Though the word crisis invariably conjures a considerable degree of severity, crises are often less immediately apparent. Humanitarian crises in Cuba, Venezuela, and other countries suffering the brunt of US sanctions and blockades have been slow burning, developing over years or decades. Yet their results are just as catastrophic as if they were inflicted overnight. A gradually emerging disaster can be just as calamitous as a cataclysm which arrives with the abruptness of a cyclone. Structural violence—poverty, inequality, political disempowerment, and healthcare deprivation—produces catastrophic outcomes for billions of people worldwide, including large swathes of the US. But the constancy and often slow tempo of these apparently eternal, intractable problems—as well as their indirect, mediated causation and the power of omission bias—lulls people who aren’t direct targets of the violence into complacency. This complacency calls to mind the adage which contrasts the frog who’s dropped in boiling water and leaps out instantly, recognizing the danger, with the frog in a gradually boiling cauldron who remains in place and boils to death because the temperature increases almost imperceptibly, over a long stretch. It’s as if normalcy confers a certain imprimatur to problems, making them tolerable through the magic of long exposure.

Yet the distinction between crises and emergencies is illusory. Today, we face both. They are intertwined and dialectically joined: crises spawn emergencies, and emergencies deepen crises. Global warming and the pandemic are cases in point. As was predicted by the IPCC decades ago, and as we now see daily, the global warming crisis is accelerating the frequency and intensity of catastrophic climate emergencies, including storms, flooding, droughts, and resource shortages. These emergencies then deepen preexistent crises in our economic, political, transportation, and food systems. The pandemic laid bare how fragile international supply chains are under late capitalism and demonstrated how alarmingly vulnerable our food system is.

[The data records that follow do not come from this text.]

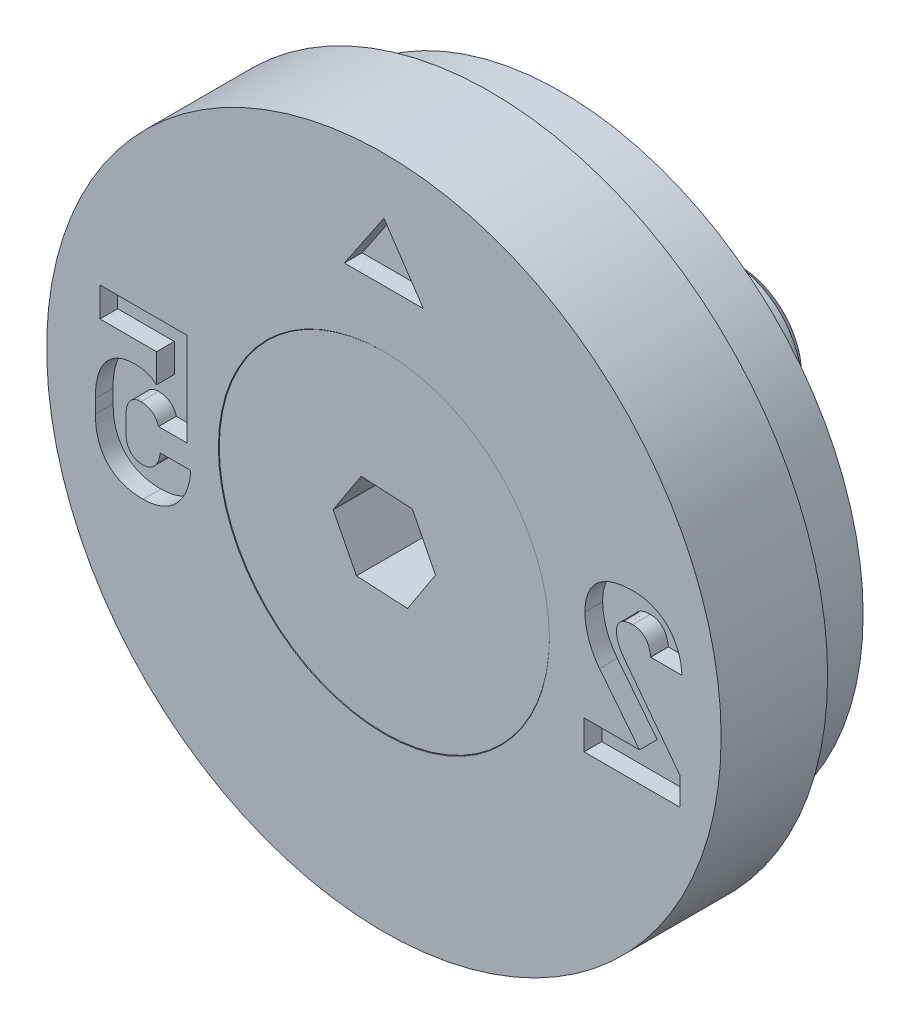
ISO-10303-21;
HEADER;
FILE_DESCRIPTION(('STEP AP214'),'2;1');
FILE_NAME('part.step','',(''),(''),'','','');
FILE_SCHEMA(('AUTOMOTIVE_DESIGN { 1 0 10303 214 1 1 1 1 }'));
ENDSEC;
DATA;
#1=APPLICATION_CONTEXT('core data for automotive mechanical design processes');
#2=APPLICATION_PROTOCOL_DEFINITION('international standard','automotive_design',2000,#1);
#3=PRODUCT_CONTEXT('',#1,'mechanical');
#4=PRODUCT('Part','Part','',(#3));
#5=PRODUCT_RELATED_PRODUCT_CATEGORY('part','',(#4));
#6=PRODUCT_DEFINITION_FORMATION('','',#4);
#7=PRODUCT_DEFINITION_CONTEXT('part definition',#1,'design');
#8=PRODUCT_DEFINITION('design','',#6,#7);
#9=PRODUCT_DEFINITION_SHAPE('','',#8);
#10=(LENGTH_UNIT() NAMED_UNIT(*) SI_UNIT(.MILLI.,.METRE.));
#11=(NAMED_UNIT(*) PLANE_ANGLE_UNIT() SI_UNIT($,.RADIAN.));
#12=(NAMED_UNIT(*) SI_UNIT($,.STERADIAN.) SOLID_ANGLE_UNIT());
#13=UNCERTAINTY_MEASURE_WITH_UNIT(LENGTH_MEASURE(1.E-05),#10,'distance_accuracy_value','');
#14=(GEOMETRIC_REPRESENTATION_CONTEXT(3) GLOBAL_UNCERTAINTY_ASSIGNED_CONTEXT((#13)) GLOBAL_UNIT_ASSIGNED_CONTEXT((#10,
#11,#12)) REPRESENTATION_CONTEXT('',''));
#15=CARTESIAN_POINT('',(0.,0.,0.));
#16=DIRECTION('',(0.,0.,1.));
#17=DIRECTION('',(1.,0.,0.));
#18=AXIS2_PLACEMENT_3D('',#15,#16,#17);
#19=CARTESIAN_POINT('',(0.,0.,-0.0130000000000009));
#20=DIRECTION('',(0.,0.,1.));
#21=DIRECTION('',(1.,0.,0.));
#22=AXIS2_PLACEMENT_3D('',#19,#20,#21);
#23=CYLINDRICAL_SURFACE('',#22,2.);
#24=CARTESIAN_POINT('',(0.,0.,-2.663));
#25=DIRECTION('',(0.,0.,1.));
#26=DIRECTION('',(1.,0.,0.));
#27=AXIS2_PLACEMENT_3D('',#24,#25,#26);
#28=CIRCLE('',#27,2.);
#29=CARTESIAN_POINT('',(2.,0.,-2.663));
#30=VERTEX_POINT('',#29);
#31=EDGE_CURVE('E12',#30,#30,#28,.T.);
#32=ORIENTED_EDGE('',*,*,#31,.F.);
#33=EDGE_LOOP('',(#32));
#34=FACE_BOUND('',#33,.T.);
#35=CARTESIAN_POINT('',(0.,0.,-9.763));
#36=DIRECTION('',(0.,0.,1.));
#37=DIRECTION('',(1.,0.,0.));
#38=AXIS2_PLACEMENT_3D('',#35,#36,#37);
#39=CIRCLE('',#38,2.);
#40=CARTESIAN_POINT('',(2.,0.,-9.763));
#41=VERTEX_POINT('',#40);
#42=EDGE_CURVE('E146',#41,#41,#39,.T.);
#43=ORIENTED_EDGE('',*,*,#42,.T.);
#44=EDGE_LOOP('',(#43));
#45=FACE_BOUND('',#44,.T.);
#46=ADVANCED_FACE('F45',(#34,#45),#23,.T.);
#47=CARTESIAN_POINT('',(0.,0.,-2.663));
#48=DIRECTION('',(0.,0.,1.));
#49=DIRECTION('',(1.,0.,0.));
#50=AXIS2_PLACEMENT_3D('',#47,#48,#49);
#51=CONICAL_SURFACE('',#50,2.,0.785398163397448);
#52=CARTESIAN_POINT('',(0.,0.,-0.0130000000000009));
#53=DIRECTION('',(0.,0.,1.));
#54=DIRECTION('',(1.,0.,0.));
#55=AXIS2_PLACEMENT_3D('',#52,#53,#54);
#56=CIRCLE('',#55,4.65);
#57=CARTESIAN_POINT('',(4.65,0.,-0.0130000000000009));
#58=VERTEX_POINT('',#57);
#59=EDGE_CURVE('E52',#58,#58,#56,.T.);
#60=ORIENTED_EDGE('',*,*,#59,.F.);
#61=EDGE_LOOP('',(#60));
#62=FACE_BOUND('',#61,.T.);
#63=ORIENTED_EDGE('',*,*,#31,.T.);
#64=EDGE_LOOP('',(#63));
#65=FACE_BOUND('',#64,.T.);
#66=ADVANCED_FACE('F161',(#62,#65),#51,.T.);
#67=CARTESIAN_POINT('',(0.,4.65,-0.0130000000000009));
#68=DIRECTION('',(0.,0.,-1.));
#69=DIRECTION('',(-1.,0.,0.));
#70=AXIS2_PLACEMENT_3D('',#67,#68,#69);
#71=PLANE('',#70);
#72=DIRECTION('',(0.99860351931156,-0.0528300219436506,0.));
#73=VECTOR('',#72,1.);
#74=CARTESIAN_POINT('',(-0.786717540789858,-1.21012761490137,-0.0130000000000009));
#75=LINE('',#74,#73);
#76=CARTESIAN_POINT('',(-0.786717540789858,-1.21012761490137,-0.0130000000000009));
#77=VERTEX_POINT('',#76);
#78=CARTESIAN_POINT('',(0.654642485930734,-1.28638118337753,-0.0130000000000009));
#79=VERTEX_POINT('',#78);
#80=EDGE_CURVE('E133',#77,#79,#75,.T.);
#81=ORIENTED_EDGE('',*,*,#80,.F.);
#82=DIRECTION('',(0.453549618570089,-0.891231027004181,0.));
#83=VECTOR('',#82,1.);
#84=CARTESIAN_POINT('',(-1.44136002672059,0.076253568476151,-0.0130000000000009));
#85=LINE('',#84,#83);
#86=CARTESIAN_POINT('',(-1.44136002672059,0.076253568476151,-0.0130000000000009));
#87=VERTEX_POINT('',#86);
#88=EDGE_CURVE('E59',#87,#77,#85,.T.);
#89=ORIENTED_EDGE('',*,*,#88,.F.);
#90=DIRECTION('',(-0.545053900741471,-0.83840100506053,0.));
#91=VECTOR('',#90,1.);
#92=CARTESIAN_POINT('',(-0.654642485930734,1.28638118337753,-0.0130000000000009));
#93=LINE('',#92,#91);
#94=CARTESIAN_POINT('',(-0.654642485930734,1.28638118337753,-0.0130000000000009));
#95=VERTEX_POINT('',#94);
#96=EDGE_CURVE('E142',#95,#87,#93,.T.);
#97=ORIENTED_EDGE('',*,*,#96,.F.);
#98=DIRECTION('',(-0.99860351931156,0.0528300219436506,0.));
#99=VECTOR('',#98,1.);
#100=CARTESIAN_POINT('',(0.786717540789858,1.21012761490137,-0.0130000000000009));
#101=LINE('',#100,#99);
#102=CARTESIAN_POINT('',(0.786717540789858,1.21012761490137,-0.0130000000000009));
#103=VERTEX_POINT('',#102);
#104=EDGE_CURVE('E140',#103,#95,#101,.T.);
#105=ORIENTED_EDGE('',*,*,#104,.F.);
#106=DIRECTION('',(-0.45354961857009,0.891231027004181,0.));
#107=VECTOR('',#106,1.);
#108=CARTESIAN_POINT('',(1.44136002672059,-0.0762535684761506,-0.0130000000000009));
#109=LINE('',#108,#107);
#110=CARTESIAN_POINT('',(1.44136002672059,-0.0762535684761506,-0.0130000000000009));
#111=VERTEX_POINT('',#110);
#112=EDGE_CURVE('E107',#111,#103,#109,.T.);
#113=ORIENTED_EDGE('',*,*,#112,.F.);
#114=DIRECTION('',(0.545053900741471,0.83840100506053,0.));
#115=VECTOR('',#114,1.);
#116=CARTESIAN_POINT('',(0.654642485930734,-1.28638118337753,-0.0130000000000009));
#117=LINE('',#116,#115);
#118=EDGE_CURVE('E136',#79,#111,#117,.T.);
#119=ORIENTED_EDGE('',*,*,#118,.F.);
#120=EDGE_LOOP('',(#81,#89,#97,#105,#113,#119));
#121=FACE_BOUND('',#120,.T.);
#122=ORIENTED_EDGE('',*,*,#59,.T.);
#123=EDGE_LOOP('',(#122));
#124=FACE_BOUND('',#123,.T.);
#125=ADVANCED_FACE('F159',(#121,#124),#71,.F.);
#126=CARTESIAN_POINT('',(0.,0.,-10.013));
#127=DIRECTION('',(0.,0.,1.));
#128=DIRECTION('',(1.,0.,0.));
#129=AXIS2_PLACEMENT_3D('',#126,#127,#128);
#130=PLANE('',#129);
#131=CARTESIAN_POINT('',(0.,0.,-10.013));
#132=DIRECTION('',(0.,0.,1.));
#133=DIRECTION('',(1.,0.,0.));
#134=AXIS2_PLACEMENT_3D('',#131,#132,#133);
#135=CIRCLE('',#134,1.75);
#136=CARTESIAN_POINT('',(1.75,0.,-10.013));
#137=VERTEX_POINT('',#136);
#138=EDGE_CURVE('E154',#137,#137,#135,.T.);
#139=ORIENTED_EDGE('',*,*,#138,.F.);
#140=EDGE_LOOP('',(#139));
#141=FACE_BOUND('',#140,.T.);
#142=ADVANCED_FACE('F174',(#141),#130,.F.);
#143=CARTESIAN_POINT('',(0.,0.,-10.013));
#144=DIRECTION('',(0.,0.,1.));
#145=DIRECTION('',(1.,0.,0.));
#146=AXIS2_PLACEMENT_3D('',#143,#144,#145);
#147=CONICAL_SURFACE('',#146,1.75,0.78539816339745);
#148=ORIENTED_EDGE('',*,*,#42,.F.);
#149=EDGE_LOOP('',(#148));
#150=FACE_BOUND('',#149,.T.);
#151=ORIENTED_EDGE('',*,*,#138,.T.);
#152=EDGE_LOOP('',(#151));
#153=FACE_BOUND('',#152,.T.);
#154=ADVANCED_FACE('F170',(#150,#153),#147,.T.);
#155=CARTESIAN_POINT('',(-1.44136002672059,0.076253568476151,-2.013));
#156=DIRECTION('',(-0.891231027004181,-0.453549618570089,0.));
#157=DIRECTION('',(0.453549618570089,-0.891231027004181,0.));
#158=AXIS2_PLACEMENT_3D('',#155,#156,#157);
#159=PLANE('',#158);
#160=ORIENTED_EDGE('',*,*,#88,.T.);
#161=DIRECTION('',(0.,0.,1.));
#162=VECTOR('',#161,1.);
#163=CARTESIAN_POINT('',(-0.786717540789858,-1.21012761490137,-2.013));
#164=LINE('',#163,#162);
#165=CARTESIAN_POINT('',(-0.786717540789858,-1.21012761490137,-2.013));
#166=VERTEX_POINT('',#165);
#167=EDGE_CURVE('E89',#166,#77,#164,.T.);
#168=ORIENTED_EDGE('',*,*,#167,.F.);
#169=DIRECTION('',(0.453549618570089,-0.891231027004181,0.));
#170=VECTOR('',#169,1.);
#171=CARTESIAN_POINT('',(-1.44136002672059,0.076253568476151,-2.013));
#172=LINE('',#171,#170);
#173=CARTESIAN_POINT('',(-1.44136002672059,0.076253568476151,-2.013));
#174=VERTEX_POINT('',#173);
#175=EDGE_CURVE('E144',#174,#166,#172,.T.);
#176=ORIENTED_EDGE('',*,*,#175,.F.);
#177=DIRECTION('',(0.,0.,1.));
#178=VECTOR('',#177,1.);
#179=CARTESIAN_POINT('',(-1.44136002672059,0.076253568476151,-2.013));
#180=LINE('',#179,#178);
#181=EDGE_CURVE('E67',#174,#87,#180,.T.);
#182=ORIENTED_EDGE('',*,*,#181,.T.);
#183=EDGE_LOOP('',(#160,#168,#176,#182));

Considering all this, moves to proclaim an end to the pandemic, while psychically understandable given our inability to live life at a constant fever pitch, are misguided in the extreme. They provide official approval for us to consign the memory of the pandemic to oblivion, thereby increasing the chances that the world is caught unawares when the next pandemic arrives, as it surely will in an age of global mobility and deforestation marked by capitalism-driven encroachment on animal habitats. But beyond the immediate danger of further deadly pandemics, gradualism is a luxury which the poor and the planet cannot afford. Martin Luther King’s famed warning about the “fierce urgency of now,” his declaration that “this is no time to engage in the luxury of cooling off or to take the tranquilizing drug of gradualism,” rings just as true now as it did in the 1960s. We are living in a kairos moment. As Benjamin counseled us, the sooner that the Left succeeds in popularizing the idea that normal life is itself an emergency, that “the ‘emergency situation’ in which we live is the rule,” the sooner we will be able to build a working-class coalition powerful enough to “introduc[e] a real state of emergency” through strikes and mass actions which disrupt daily life’s normal functioning and challenge the economic basis of Anthropocene capitalism. One can only hope that Benjamin’s prediction that “our position in the struggle against Fascism will thereby improve” will then prove true.